ABOUT THIS TASK: Please copy out every line of the listing below in which the word "color" appears.

TASK DATA:
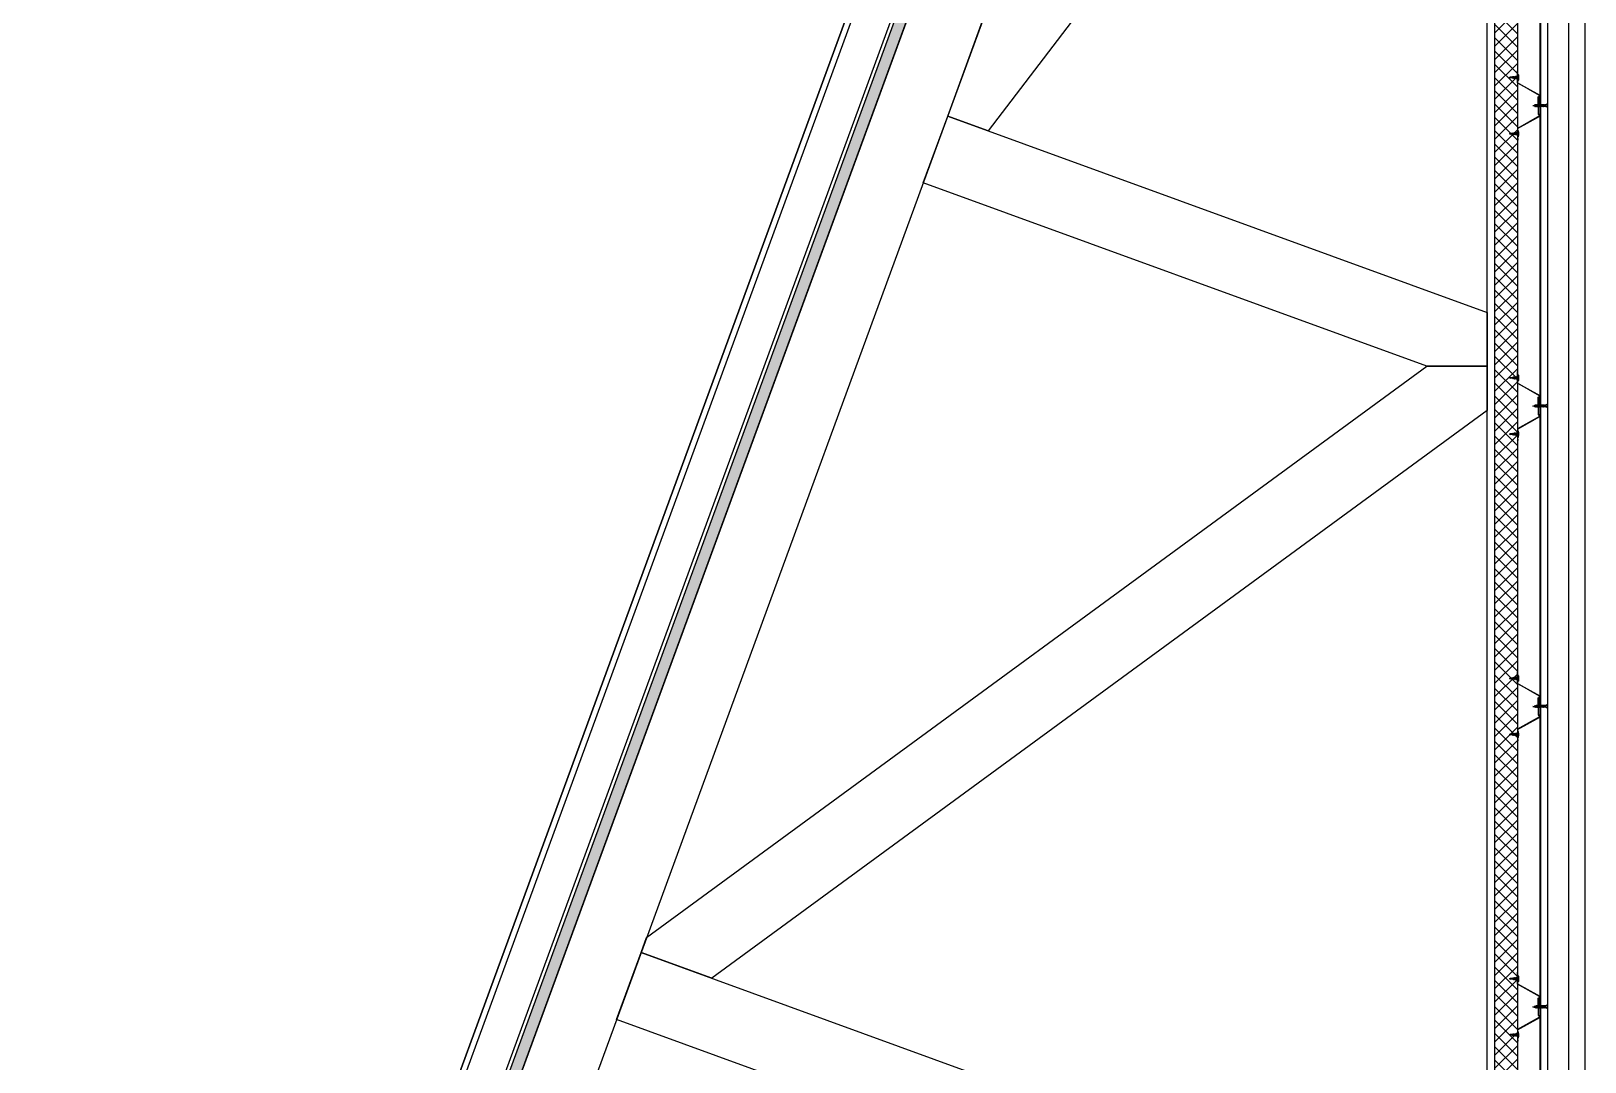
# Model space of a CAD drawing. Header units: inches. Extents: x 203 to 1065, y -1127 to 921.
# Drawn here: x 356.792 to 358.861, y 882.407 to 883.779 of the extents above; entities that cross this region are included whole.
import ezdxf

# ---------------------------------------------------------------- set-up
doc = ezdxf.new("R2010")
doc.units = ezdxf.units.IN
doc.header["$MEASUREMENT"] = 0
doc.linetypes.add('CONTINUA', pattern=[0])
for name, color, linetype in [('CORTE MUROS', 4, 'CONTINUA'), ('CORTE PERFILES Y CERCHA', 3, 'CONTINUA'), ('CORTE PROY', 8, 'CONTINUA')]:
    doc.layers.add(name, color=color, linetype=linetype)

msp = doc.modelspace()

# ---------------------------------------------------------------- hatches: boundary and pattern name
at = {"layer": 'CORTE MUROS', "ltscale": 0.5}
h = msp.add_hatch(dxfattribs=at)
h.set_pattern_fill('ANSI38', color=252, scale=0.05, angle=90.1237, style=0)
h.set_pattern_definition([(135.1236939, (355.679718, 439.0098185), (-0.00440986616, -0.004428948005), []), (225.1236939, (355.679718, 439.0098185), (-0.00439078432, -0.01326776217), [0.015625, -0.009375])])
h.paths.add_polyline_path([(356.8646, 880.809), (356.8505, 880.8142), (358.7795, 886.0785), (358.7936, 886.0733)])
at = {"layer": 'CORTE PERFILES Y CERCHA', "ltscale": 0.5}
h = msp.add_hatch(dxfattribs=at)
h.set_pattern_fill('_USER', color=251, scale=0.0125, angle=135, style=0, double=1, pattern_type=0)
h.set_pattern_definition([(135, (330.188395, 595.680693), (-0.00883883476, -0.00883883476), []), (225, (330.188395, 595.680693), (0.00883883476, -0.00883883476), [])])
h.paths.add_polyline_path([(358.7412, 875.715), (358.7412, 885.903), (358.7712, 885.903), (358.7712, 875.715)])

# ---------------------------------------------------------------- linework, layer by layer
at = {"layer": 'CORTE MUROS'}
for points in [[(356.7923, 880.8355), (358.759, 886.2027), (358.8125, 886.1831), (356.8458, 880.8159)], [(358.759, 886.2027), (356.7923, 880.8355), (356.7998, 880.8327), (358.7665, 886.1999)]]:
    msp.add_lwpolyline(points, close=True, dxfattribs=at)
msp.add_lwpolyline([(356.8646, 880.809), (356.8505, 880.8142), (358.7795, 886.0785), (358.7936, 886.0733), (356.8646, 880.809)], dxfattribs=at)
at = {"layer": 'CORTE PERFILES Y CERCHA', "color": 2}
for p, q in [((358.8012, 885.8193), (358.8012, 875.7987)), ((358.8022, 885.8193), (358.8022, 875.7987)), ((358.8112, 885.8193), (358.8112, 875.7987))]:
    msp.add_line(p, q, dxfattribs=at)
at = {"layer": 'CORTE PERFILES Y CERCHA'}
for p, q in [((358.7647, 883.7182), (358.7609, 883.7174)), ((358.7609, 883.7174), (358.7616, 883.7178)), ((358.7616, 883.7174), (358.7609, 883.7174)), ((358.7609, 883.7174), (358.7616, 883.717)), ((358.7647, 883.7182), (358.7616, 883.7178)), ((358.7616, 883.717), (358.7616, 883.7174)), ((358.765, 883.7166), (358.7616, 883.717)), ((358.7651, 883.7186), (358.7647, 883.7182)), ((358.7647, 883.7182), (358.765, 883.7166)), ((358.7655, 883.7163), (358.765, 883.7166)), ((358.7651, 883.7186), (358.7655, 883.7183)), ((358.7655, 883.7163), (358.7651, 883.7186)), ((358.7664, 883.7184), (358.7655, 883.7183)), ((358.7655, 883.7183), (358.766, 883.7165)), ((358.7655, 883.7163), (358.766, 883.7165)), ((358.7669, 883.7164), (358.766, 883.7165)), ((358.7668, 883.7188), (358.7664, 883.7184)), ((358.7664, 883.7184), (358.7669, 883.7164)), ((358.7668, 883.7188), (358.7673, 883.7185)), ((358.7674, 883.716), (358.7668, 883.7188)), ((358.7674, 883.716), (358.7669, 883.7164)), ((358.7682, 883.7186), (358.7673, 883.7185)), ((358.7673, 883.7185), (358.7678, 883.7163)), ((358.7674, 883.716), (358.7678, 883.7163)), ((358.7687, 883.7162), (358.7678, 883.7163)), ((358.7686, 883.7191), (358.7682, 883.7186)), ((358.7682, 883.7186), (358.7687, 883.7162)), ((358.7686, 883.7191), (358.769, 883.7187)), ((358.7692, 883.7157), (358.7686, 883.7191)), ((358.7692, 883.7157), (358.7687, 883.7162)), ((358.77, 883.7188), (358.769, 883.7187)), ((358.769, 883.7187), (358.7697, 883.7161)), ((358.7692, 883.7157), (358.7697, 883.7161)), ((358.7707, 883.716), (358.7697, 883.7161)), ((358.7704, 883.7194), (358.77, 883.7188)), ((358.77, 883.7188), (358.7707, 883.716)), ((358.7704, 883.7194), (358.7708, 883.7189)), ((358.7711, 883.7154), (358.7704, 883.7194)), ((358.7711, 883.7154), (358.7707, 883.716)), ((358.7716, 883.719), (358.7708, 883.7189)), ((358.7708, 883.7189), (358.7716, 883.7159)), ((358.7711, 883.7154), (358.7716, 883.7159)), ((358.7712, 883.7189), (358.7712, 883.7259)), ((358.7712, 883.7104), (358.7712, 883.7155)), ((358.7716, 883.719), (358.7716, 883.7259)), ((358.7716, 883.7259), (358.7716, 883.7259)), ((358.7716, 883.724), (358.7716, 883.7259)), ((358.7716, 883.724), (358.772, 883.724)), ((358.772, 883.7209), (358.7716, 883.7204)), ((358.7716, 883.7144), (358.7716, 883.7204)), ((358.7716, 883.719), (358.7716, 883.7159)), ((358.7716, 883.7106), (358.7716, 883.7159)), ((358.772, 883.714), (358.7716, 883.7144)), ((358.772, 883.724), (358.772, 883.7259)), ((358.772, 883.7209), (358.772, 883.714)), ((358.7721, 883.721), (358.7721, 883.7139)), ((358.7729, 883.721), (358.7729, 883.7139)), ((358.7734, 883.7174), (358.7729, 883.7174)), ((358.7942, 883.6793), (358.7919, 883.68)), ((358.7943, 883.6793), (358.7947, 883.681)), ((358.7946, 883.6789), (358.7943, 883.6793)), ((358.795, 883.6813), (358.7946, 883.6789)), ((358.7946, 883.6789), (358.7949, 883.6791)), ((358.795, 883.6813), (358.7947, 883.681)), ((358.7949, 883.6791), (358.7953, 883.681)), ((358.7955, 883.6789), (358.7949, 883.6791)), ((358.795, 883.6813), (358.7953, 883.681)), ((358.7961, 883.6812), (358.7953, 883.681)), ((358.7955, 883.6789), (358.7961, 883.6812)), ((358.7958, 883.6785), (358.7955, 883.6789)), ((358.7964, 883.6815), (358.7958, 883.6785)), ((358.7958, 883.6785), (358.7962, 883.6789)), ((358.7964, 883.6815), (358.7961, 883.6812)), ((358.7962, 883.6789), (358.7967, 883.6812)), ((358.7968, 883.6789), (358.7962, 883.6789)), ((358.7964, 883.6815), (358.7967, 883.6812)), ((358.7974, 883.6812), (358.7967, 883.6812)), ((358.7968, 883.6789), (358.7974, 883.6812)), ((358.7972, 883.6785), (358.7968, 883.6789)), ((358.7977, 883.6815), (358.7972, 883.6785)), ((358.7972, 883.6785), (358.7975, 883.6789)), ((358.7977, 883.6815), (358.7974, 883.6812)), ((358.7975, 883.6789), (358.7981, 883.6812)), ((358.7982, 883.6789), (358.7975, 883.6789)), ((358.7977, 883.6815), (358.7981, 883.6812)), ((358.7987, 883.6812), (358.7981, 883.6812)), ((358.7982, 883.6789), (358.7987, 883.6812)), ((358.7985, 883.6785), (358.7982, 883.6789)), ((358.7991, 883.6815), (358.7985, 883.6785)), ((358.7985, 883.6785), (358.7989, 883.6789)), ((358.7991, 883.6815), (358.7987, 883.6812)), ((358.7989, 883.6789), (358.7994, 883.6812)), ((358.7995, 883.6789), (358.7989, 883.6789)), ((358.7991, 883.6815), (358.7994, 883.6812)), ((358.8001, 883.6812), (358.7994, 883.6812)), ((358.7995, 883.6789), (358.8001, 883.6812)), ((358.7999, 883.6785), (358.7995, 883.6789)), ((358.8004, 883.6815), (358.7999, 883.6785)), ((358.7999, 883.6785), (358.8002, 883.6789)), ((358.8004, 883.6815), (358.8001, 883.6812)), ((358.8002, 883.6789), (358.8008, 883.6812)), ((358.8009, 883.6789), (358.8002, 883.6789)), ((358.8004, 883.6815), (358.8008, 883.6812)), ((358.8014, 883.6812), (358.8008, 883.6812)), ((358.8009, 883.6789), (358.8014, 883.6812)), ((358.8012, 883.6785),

RESULT OF THE EXERCISE:
for name, color, linetype in [('CORTE MUROS', 4, 'CONTINUA'), ('CORTE PERFILES Y CERCHA', 3, 'CONTINUA'), ('CORTE PROY', 8, 'CONTINUA')]:
    doc.layers.add(name, color=color, linetype=linetype)
h.set_pattern_fill('ANSI38', color=252, scale=0.05, angle=90.1237, style=0)
h.set_pattern_fill('_USER', color=251, scale=0.0125, angle=135, style=0, double=1, pattern_type=0)
at = {"layer": 'CORTE PERFILES Y CERCHA', "color": 2}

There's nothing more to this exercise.